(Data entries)
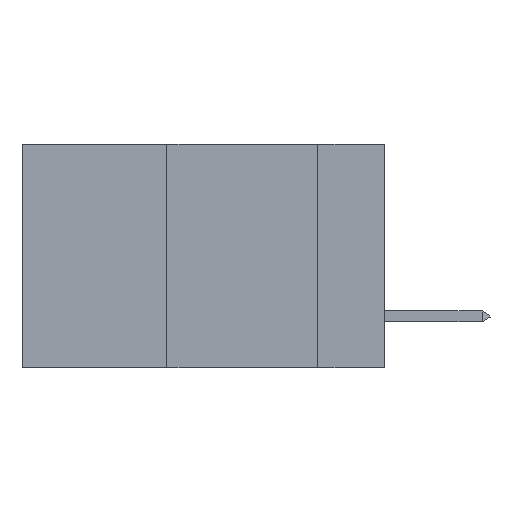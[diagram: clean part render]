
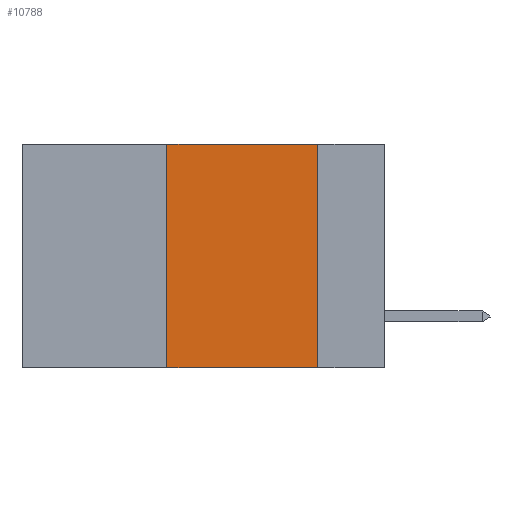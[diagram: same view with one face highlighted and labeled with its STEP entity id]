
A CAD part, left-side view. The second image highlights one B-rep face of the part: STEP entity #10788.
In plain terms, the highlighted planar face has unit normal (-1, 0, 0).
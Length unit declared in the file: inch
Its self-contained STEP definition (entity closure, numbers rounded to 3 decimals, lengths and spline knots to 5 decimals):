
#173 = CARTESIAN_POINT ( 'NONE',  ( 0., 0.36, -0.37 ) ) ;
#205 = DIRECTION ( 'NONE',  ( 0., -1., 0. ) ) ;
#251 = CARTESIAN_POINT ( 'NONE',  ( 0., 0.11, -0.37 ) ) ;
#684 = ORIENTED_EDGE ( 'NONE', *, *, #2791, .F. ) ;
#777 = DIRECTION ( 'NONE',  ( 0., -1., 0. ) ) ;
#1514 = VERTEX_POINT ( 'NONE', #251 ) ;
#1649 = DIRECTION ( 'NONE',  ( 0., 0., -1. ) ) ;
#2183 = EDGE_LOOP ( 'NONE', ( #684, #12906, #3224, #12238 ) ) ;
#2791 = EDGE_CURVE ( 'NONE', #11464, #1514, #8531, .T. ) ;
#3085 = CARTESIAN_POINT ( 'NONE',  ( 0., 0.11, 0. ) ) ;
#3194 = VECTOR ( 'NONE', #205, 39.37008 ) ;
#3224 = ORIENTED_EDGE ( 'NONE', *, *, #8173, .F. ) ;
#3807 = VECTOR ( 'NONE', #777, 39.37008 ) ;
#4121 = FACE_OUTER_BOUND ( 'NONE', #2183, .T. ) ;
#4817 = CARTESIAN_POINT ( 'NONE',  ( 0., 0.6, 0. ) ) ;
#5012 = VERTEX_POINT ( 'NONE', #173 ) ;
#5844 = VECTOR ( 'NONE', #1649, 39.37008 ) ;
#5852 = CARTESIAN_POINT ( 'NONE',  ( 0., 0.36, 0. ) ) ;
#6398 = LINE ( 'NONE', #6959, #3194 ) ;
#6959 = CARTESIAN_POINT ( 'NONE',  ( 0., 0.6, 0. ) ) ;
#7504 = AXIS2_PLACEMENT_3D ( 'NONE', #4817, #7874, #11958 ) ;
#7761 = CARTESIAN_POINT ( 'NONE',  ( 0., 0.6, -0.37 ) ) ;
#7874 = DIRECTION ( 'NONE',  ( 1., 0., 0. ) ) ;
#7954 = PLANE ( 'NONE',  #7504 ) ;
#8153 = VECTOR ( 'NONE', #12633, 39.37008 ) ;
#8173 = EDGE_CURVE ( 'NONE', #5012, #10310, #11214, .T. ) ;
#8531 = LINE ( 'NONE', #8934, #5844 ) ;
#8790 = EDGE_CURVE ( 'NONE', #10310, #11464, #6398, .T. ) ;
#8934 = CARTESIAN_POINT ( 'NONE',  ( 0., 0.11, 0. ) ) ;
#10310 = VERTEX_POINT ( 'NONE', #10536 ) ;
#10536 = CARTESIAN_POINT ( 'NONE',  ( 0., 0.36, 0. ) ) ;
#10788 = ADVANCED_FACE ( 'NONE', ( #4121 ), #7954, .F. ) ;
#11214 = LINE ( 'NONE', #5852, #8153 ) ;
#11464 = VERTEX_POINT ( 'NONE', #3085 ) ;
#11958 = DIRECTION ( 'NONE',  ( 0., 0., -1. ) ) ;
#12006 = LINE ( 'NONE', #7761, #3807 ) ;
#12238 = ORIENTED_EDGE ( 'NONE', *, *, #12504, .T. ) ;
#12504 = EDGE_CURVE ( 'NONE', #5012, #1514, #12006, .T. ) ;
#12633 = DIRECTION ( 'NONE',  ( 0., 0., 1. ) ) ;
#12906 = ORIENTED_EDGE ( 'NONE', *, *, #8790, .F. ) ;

▸ Work task
This task calls for an exact copy of the data above, without pictures.

▸ Solution to this task
[diagram: clean part render]
[diagram: same view with one face highlighted and labeled with its STEP entity id]
A CAD part, left-side view. The second image highlights one B-rep face of the part: STEP entity #10788.
In plain terms, the highlighted planar face has unit normal (-1, 0, 0).
Length unit declared in the file: inch
Its self-contained STEP definition (entity closure, numbers rounded to 3 decimals, lengths and spline knots to 5 decimals):
#173 = CARTESIAN_POINT ( 'NONE',  ( 0., 0.36, -0.37 ) ) ;
#205 = DIRECTION ( 'NONE',  ( 0., -1., 0. ) ) ;
#251 = CARTESIAN_POINT ( 'NONE',  ( 0., 0.11, -0.37 ) ) ;
#684 = ORIENTED_EDGE ( 'NONE', *, *, #2791, .F. ) ;
#777 = DIRECTION ( 'NONE',  ( 0., -1., 0. ) ) ;
#1514 = VERTEX_POINT ( 'NONE', #251 ) ;
#1649 = DIRECTION ( 'NONE',  ( 0., 0., -1. ) ) ;
#2183 = EDGE_LOOP ( 'NONE', ( #684, #12906, #3224, #12238 ) ) ;
#2791 = EDGE_CURVE ( 'NONE', #11464, #1514, #8531, .T. ) ;
#3085 = CARTESIAN_POINT ( 'NONE',  ( 0., 0.11, 0. ) ) ;
#3194 = VECTOR ( 'NONE', #205, 39.37008 ) ;
#3224 = ORIENTED_EDGE ( 'NONE', *, *, #8173, .F. ) ;
#3807 = VECTOR ( 'NONE', #777, 39.37008 ) ;
#4121 = FACE_OUTER_BOUND ( 'NONE', #2183, .T. ) ;
#4817 = CARTESIAN_POINT ( 'NONE',  ( 0., 0.6, 0. ) ) ;
#5012 = VERTEX_POINT ( 'NONE', #173 ) ;
#5844 = VECTOR ( 'NONE', #1649, 39.37008 ) ;
#5852 = CARTESIAN_POINT ( 'NONE',  ( 0., 0.36, 0. ) ) ;
#6398 = LINE ( 'NONE', #6959, #3194 ) ;
#6959 = CARTESIAN_POINT ( 'NONE',  ( 0., 0.6, 0. ) ) ;
#7504 = AXIS2_PLACEMENT_3D ( 'NONE', #4817, #7874, #11958 ) ;
#7761 = CARTESIAN_POINT ( 'NONE',  ( 0., 0.6, -0.37 ) ) ;
#7874 = DIRECTION ( 'NONE',  ( 1., 0., 0. ) ) ;
#7954 = PLANE ( 'NONE',  #7504 ) ;
#8153 = VECTOR ( 'NONE', #12633, 39.37008 ) ;
#8173 = EDGE_CURVE ( 'NONE', #5012, #10310, #11214, .T. ) ;
#8531 = LINE ( 'NONE', #8934, #5844 ) ;
#8790 = EDGE_CURVE ( 'NONE', #10310, #11464, #6398, .T. ) ;
#8934 = CARTESIAN_POINT ( 'NONE',  ( 0., 0.11, 0. ) ) ;
#10310 = VERTEX_POINT ( 'NONE', #10536 ) ;
#10536 = CARTESIAN_POINT ( 'NONE',  ( 0., 0.36, 0. ) ) ;
#10788 = ADVANCED_FACE ( 'NONE', ( #4121 ), #7954, .F. ) ;
#11214 = LINE ( 'NONE', #5852, #8153 ) ;
#11464 = VERTEX_POINT ( 'NONE', #3085 ) ;
#11958 = DIRECTION ( 'NONE',  ( 0., 0., -1. ) ) ;
#12006 = LINE ( 'NONE', #7761, #3807 ) ;
#12238 = ORIENTED_EDGE ( 'NONE', *, *, #12504, .T. ) ;
#12504 = EDGE_CURVE ( 'NONE', #5012, #1514, #12006, .T. ) ;
#12633 = DIRECTION ( 'NONE',  ( 0., 0., 1. ) ) ;
#12906 = ORIENTED_EDGE ( 'NONE', *, *, #8790, .F. ) ;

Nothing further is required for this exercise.